We don't use TSC shavings anymore for this reason. We really only use shavings at shows (Boers), but we were always getting lice from those shavings. We use Suncoast or the Atwoods brand and don't have any problems now.

Karla


----------



## Ashley (Oct 25, 2007)

How is that? Perhaps from deer in the area the shavings are piled?
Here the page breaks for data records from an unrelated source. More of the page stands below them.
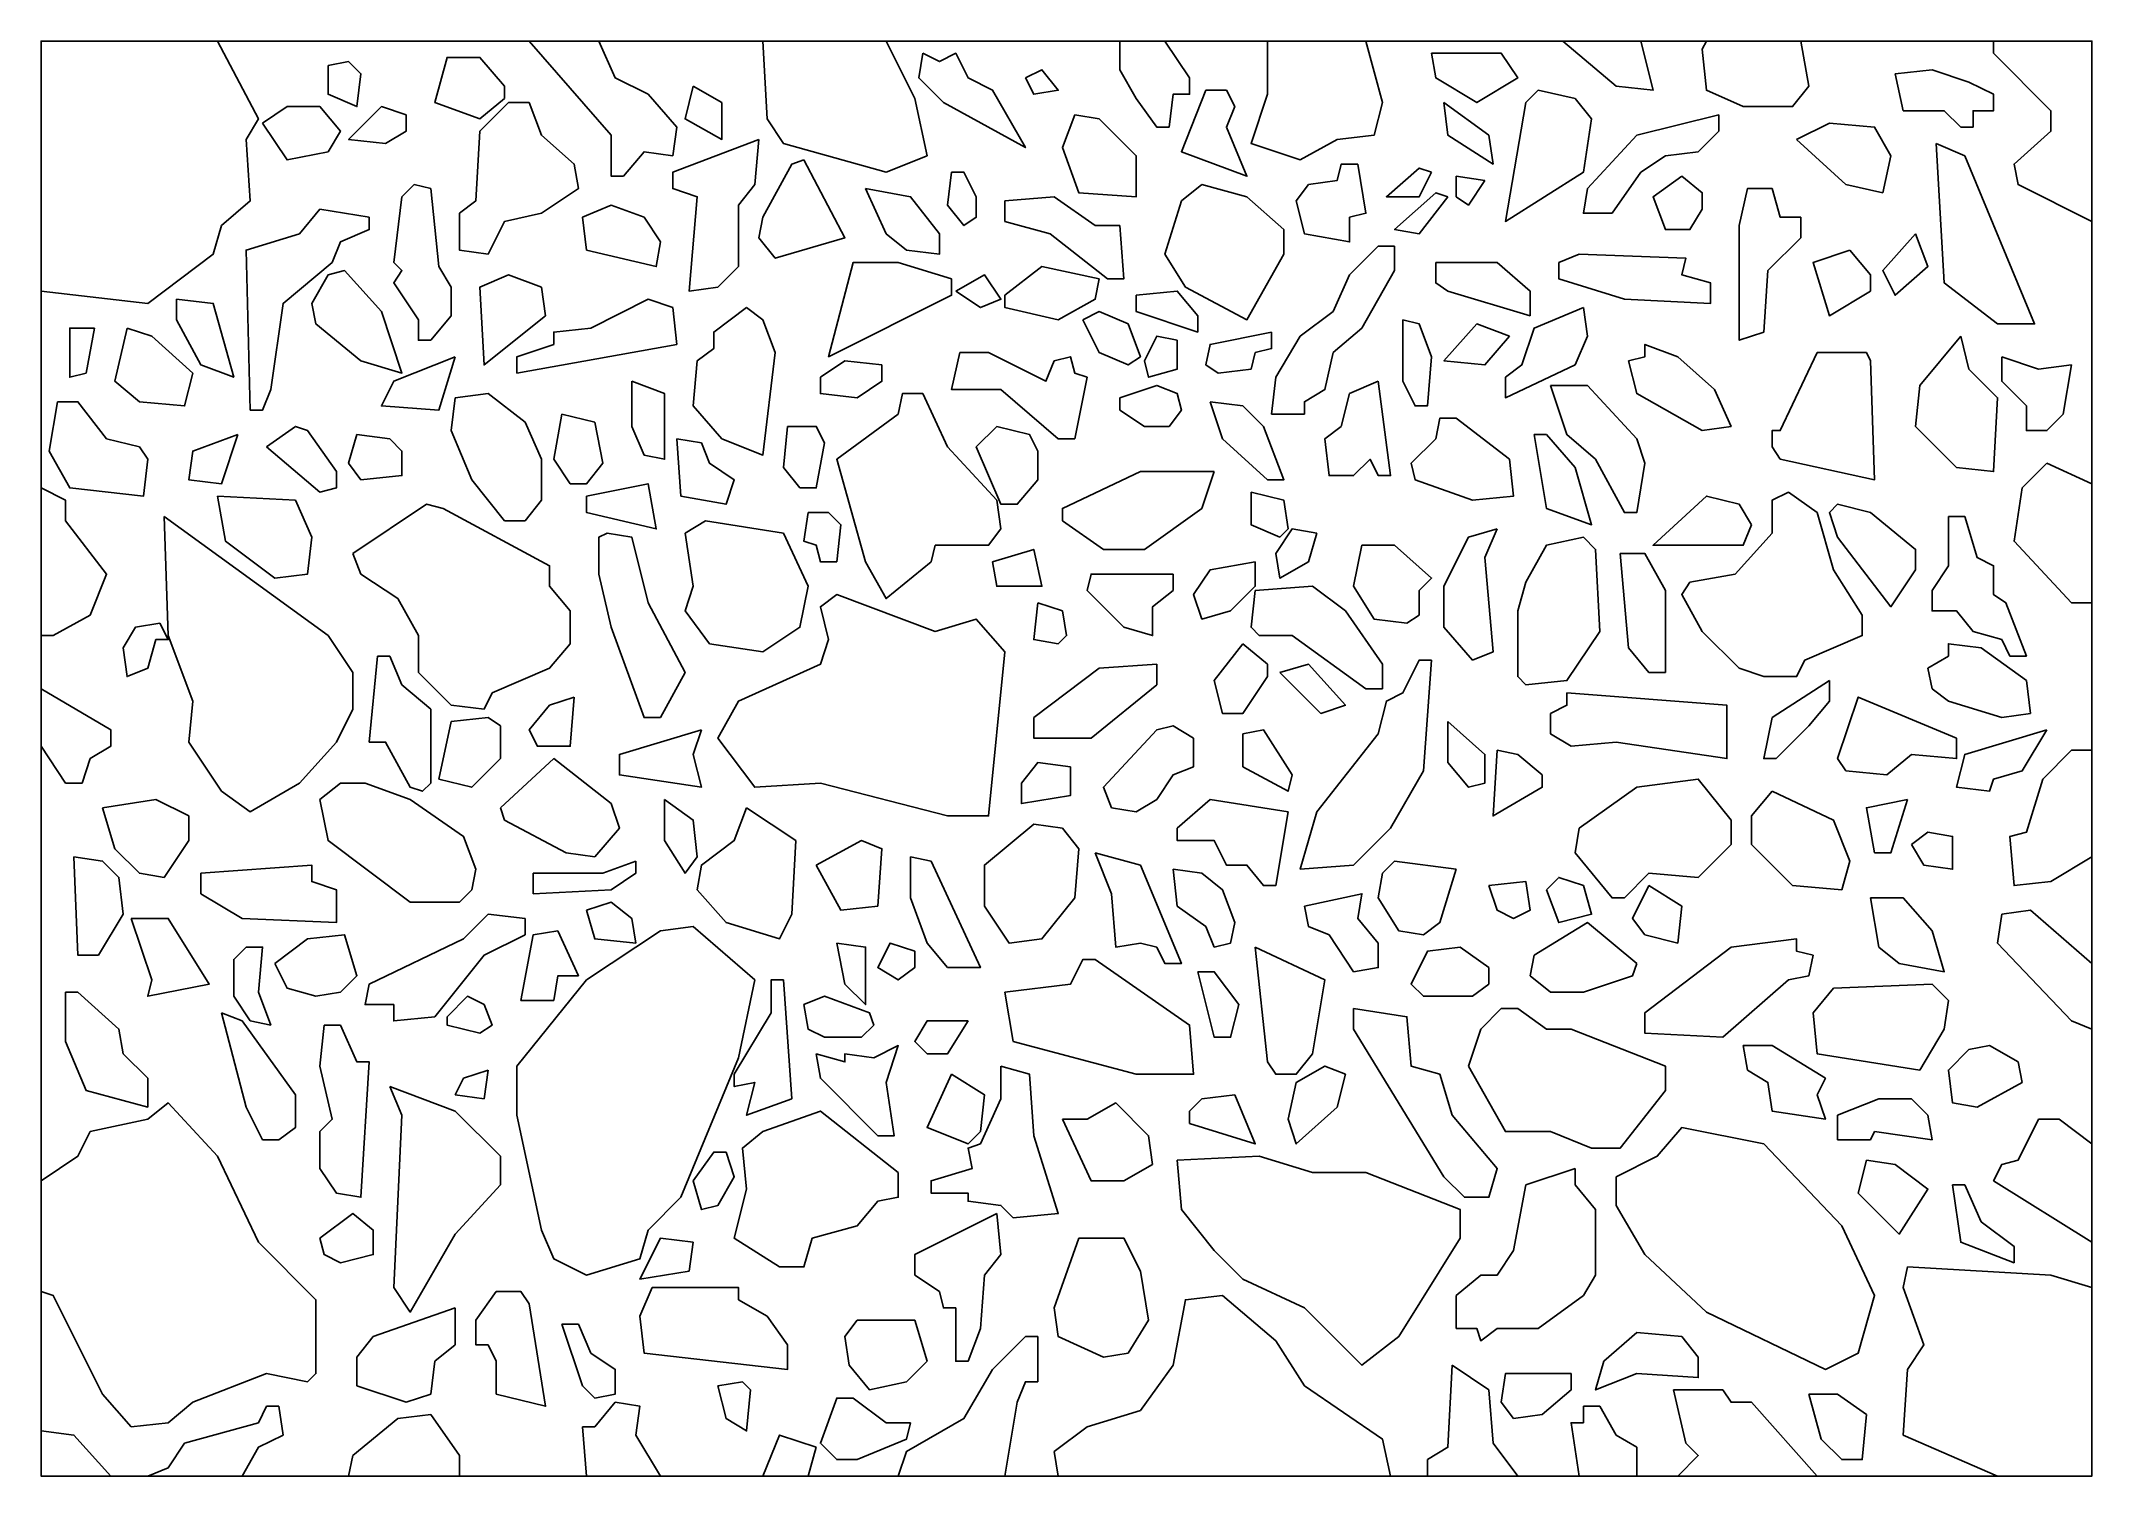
# Model space of a CAD drawing. Header units: metres. Extents: x 0 to 50, y 0 to 35.
import ezdxf

# ---------------------------------------------------------------- set-up
doc = ezdxf.new("R2010")
doc.units = ezdxf.units.M

msp = doc.modelspace()

# ---------------------------------------------------------------- linework, layer by layer
at = {"layer": '2', "color": 0}
for points in [[(4.3, 35), (5.3, 33.1), (5, 32.6), (5.1, 31.1), (4.4, 30.5), (4.2, 29.8), (2.6, 28.6), (0, 28.9), (0, 35), (4.3, 35)], [(0, 0), (0, 35), (50, 35), (50, 0), (0, 0)], [(11.9, 35), (13.6, 35), (14, 34.1), (14.8, 33.7), (15.5, 32.9), (15.4, 32.2), (14.7, 32.3), (14.2, 31.7), (13.9, 31.7), (13.9, 32.7), (11.9, 35)], [(17.6, 35), (20.6, 35), (21.3, 33.6), (21.6, 32.2), (20.6, 31.8), (18.1, 32.5), (17.7, 33.1), (17.6, 35)], [(26.3, 35), (27.4, 35), (28, 34.1), (28, 33.7), (27.6, 33.7), (27.5, 32.9), (27.2, 32.9), (26.7, 33.6), (26.3, 34.3), (26.3, 35)], [(32.3, 35), (32.7, 33.5), (32.5, 32.7), (31.6, 32.6), (30.7, 32.1), (29.5, 32.5), (29.9, 33.7), (29.9, 35), (32.3, 35)], [(37.1, 35), (39, 35), (39.3, 33.8), (38.4, 33.9), (37.1, 35)], [(40.5, 34.8), (40.6, 35), (42.9, 35), (43.1, 33.9), (42.7, 33.4), (41.5, 33.4), (40.6, 33.8), (40.5, 34.8)], [(47.6, 35), (50, 35), (50, 30.6), (48.2, 31.5), (48.1, 32), (49, 32.8), (49, 33.3), (47.6, 34.7), (47.6, 35)], [(7, 34.4), (7.5, 34.5), (7.8, 34.2), (7.7, 33.4), (7, 33.7), (7, 34.4)], [(11.3, 33.9), (11.3, 33.6), (10.7, 33.1), (9.6, 33.5), (9.9, 34.6), (10.7, 34.6), (11.3, 33.9)], [(21.5, 34.7), (21.9, 34.5), (22.3, 34.7), (22.6, 34.1), (23.2, 33.8), (24, 32.4), (22, 33.5), (21.4, 34.1), (21.5, 34.7)], [(33.9, 34.7), (35.6, 34.7), (36, 34.1), (35, 33.5), (34, 34.1), (33.9, 34.7)], [(24, 34.1), (24.4, 34.3), (24.8, 33.8), (24.2, 33.7), (24, 34.1)], [(45.2, 34.2), (46.1, 34.3), (47, 34), (47.6, 33.7), (47.6, 33.3), (47.1, 33.3), (47.1, 32.9), (46.8, 32.9), (46.4, 33.3), (45.4, 33.3), (45.2, 34.2)], [(11.9, 33.5), (12.2, 32.7), (13, 32), (13.1, 31.4), (12.2, 30.8), (11.3, 30.6), (10.9, 29.8), (10.2, 29.9), (10.2, 30.8), (10.6, 31.1), (10.7, 32.8), (11.4, 33.5), (11.9, 33.5)], [(15.9, 33.9), (16.6, 33.5), (16.6, 32.6), (15.7, 33.1), (15.9, 33.9)], [(28.4, 33.8), (28.9, 33.8), (29.1, 33.4), (28.9, 32.9), (29.4, 31.7), (27.8, 32.3), (28.4, 33.8)], [(34.2, 33.5), (35.3, 32.7), (35.4, 32), (34.3, 32.7), (34.2, 33.5)], [(37.4, 33.6), (37.8, 33.1), (37.6, 31.8), (35.7, 30.6), (36.2, 33.5), (36.5, 33.8), (37.4, 33.6)], [(5.4, 33), (6, 33.4), (6.8, 33.4), (7.3, 32.8), (7, 32.3), (6, 32.1), (5.4, 33)], [(8.9, 33.2), (8.9, 32.8), (8.4, 32.5), (7.5, 32.6), (8.3, 33.4), (8.9, 33.2)], [(25.2, 33.2), (25.8, 33.1), (26.7, 32.2), (26.7, 31.2), (25.3, 31.3), (24.9, 32.4), (25.2, 33.2)], [(40.9, 33.2), (40.9, 32.8), (40.4, 32.3), (39.6, 32.2), (39, 31.8), (38.3, 30.8), (37.6, 30.8), (37.7, 31.4), (38.9, 32.7), (40.9, 33.2)], [(42.8, 32.6), (43.6, 33), (44.7, 32.9), (45.1, 32.2), (44.9, 31.3), (44, 31.5), (42.8, 32.6)], [(17.5, 32.6), (17.4, 31.5), (17, 31), (17, 29.5), (16.5, 29), (15.8, 28.9), (16, 31.2), (15.4, 31.4), (15.4, 31.8), (17.5, 32.6)], [(46.2, 32.5), (46.9, 32.2), (48.6, 28.1), (47.7, 28.1), (46.4, 29.1), (46.2, 32.5)], [(18.6, 32.1), (19.6, 30.2), (17.9, 29.7), (17.5, 30.2), (17.6, 30.7), (18.3, 32), (18.6, 32.1)], [(32.1, 32), (32.3, 30.8), (31.9, 30.7), (31.9, 30.1), (30.8, 30.3), (30.6, 31.1), (30.9, 31.5), (31.6, 31.6), (31.7, 32), (32.1, 32)], [(9.1, 31.5), (9.5, 31.4), (9.7, 29.5), (10, 29), (10, 28.3), (9.5, 27.7), (9.2, 27.7), (9.2, 28.2), (8.6, 29.1), (8.8, 29.4), (8.6, 29.6), (8.8, 31.2), (9.1, 31.5)], [(22.2, 31.8), (22.5, 31.8), (22.8, 31.2), (22.8, 30.7), (22.5, 30.5), (22.1, 31), (22.2, 31.8)], [(28.3, 31.5), (29.4, 31.2), (30.3, 30.4), (30.3, 29.8), (29.4, 28.2), (27.9, 29), (27.4, 29.8), (27.8, 31.1), (28.3, 31.5)], [(33.9, 31.8), (33.6, 31.2), (32.8, 31.2), (33.6, 31.9), (33.9, 31.8)], [(35.2, 31.6), (34.8, 31), (34.5, 31.2), (34.5, 31.7), (35.2, 31.6)], [(40, 31.7), (40.5, 31.3), (40.5, 30.9), (40.2, 30.4), (39.6, 30.4), (39.3, 31.2), (40, 31.7)], [(13.2, 30.7), (13.9, 31), (14.7, 30.7), (15.1, 30.1), (15, 29.5), (13.3, 29.9), (13.2, 30.7)], [(20.1, 31.4), (21.2, 31.2), (21.9, 30.3), (21.9, 29.8), (21.1, 29.9), (20.6, 30.3), (20.1, 31.4)], [(23.5, 31.1), (24.7, 31.2), (25.7, 30.5), (26.3, 30.5), (26.4, 29.2), (26, 29.2), (24.6, 30.3), (23.5, 30.6), (23.5, 31.1)], [(34.3, 31.2), (33.6, 30.3), (33, 30.4), (34, 31.3), (34.3, 31.2)], [(42.2, 31.4), (42.4, 30.7), (42.9, 30.7), (42.9, 30.2), (42.1, 29.4), (42, 27.9), (41.4, 27.7), (41.4, 30.5), (41.6, 31.4), (42.2, 31.4)], [(8, 30.7), (8, 30.4), (7.3, 30.1), (7.1, 29.6), (5.9, 28.6), (5.6, 26.5), (5.4, 26), (5.1, 26), (5, 29.9), (6.3, 30.3), (6.8, 30.9), (8, 30.7)], [(33, 30), (33, 29.4), (32.2, 28), (31.5, 27.4), (31.3, 26.5), (30.8, 26.2), (30.8, 25.9), (30, 25.9), (30.1, 26.8), (30.7, 27.8), (31.5, 28.4), (31.9, 29.3), (32.6, 30), (33, 30)], [(45.7, 30.3), (46, 29.5), (45.2, 28.8), (44.9, 29.4), (45.7, 30.3)], [(22.2, 29.2), (22.2, 28.8), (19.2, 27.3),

I don't usually get all worked up about lice. We have a few show up in winter, but not many. Usually I can't find them but see a few flakes of dandruff and if I look around for a while I may find where they are hiding. If they get to be too many I'll treat but come spring I just shave them and any that are there go away. I guess I look at them kinda like worms. I just figure you'll have a few.


----------



## Sharpgoat (Feb 7, 2008)

> Both biting and sucking lice are completely parasitic. They spend their entire life cycle on the infested animal. They can live for only a short time off the host.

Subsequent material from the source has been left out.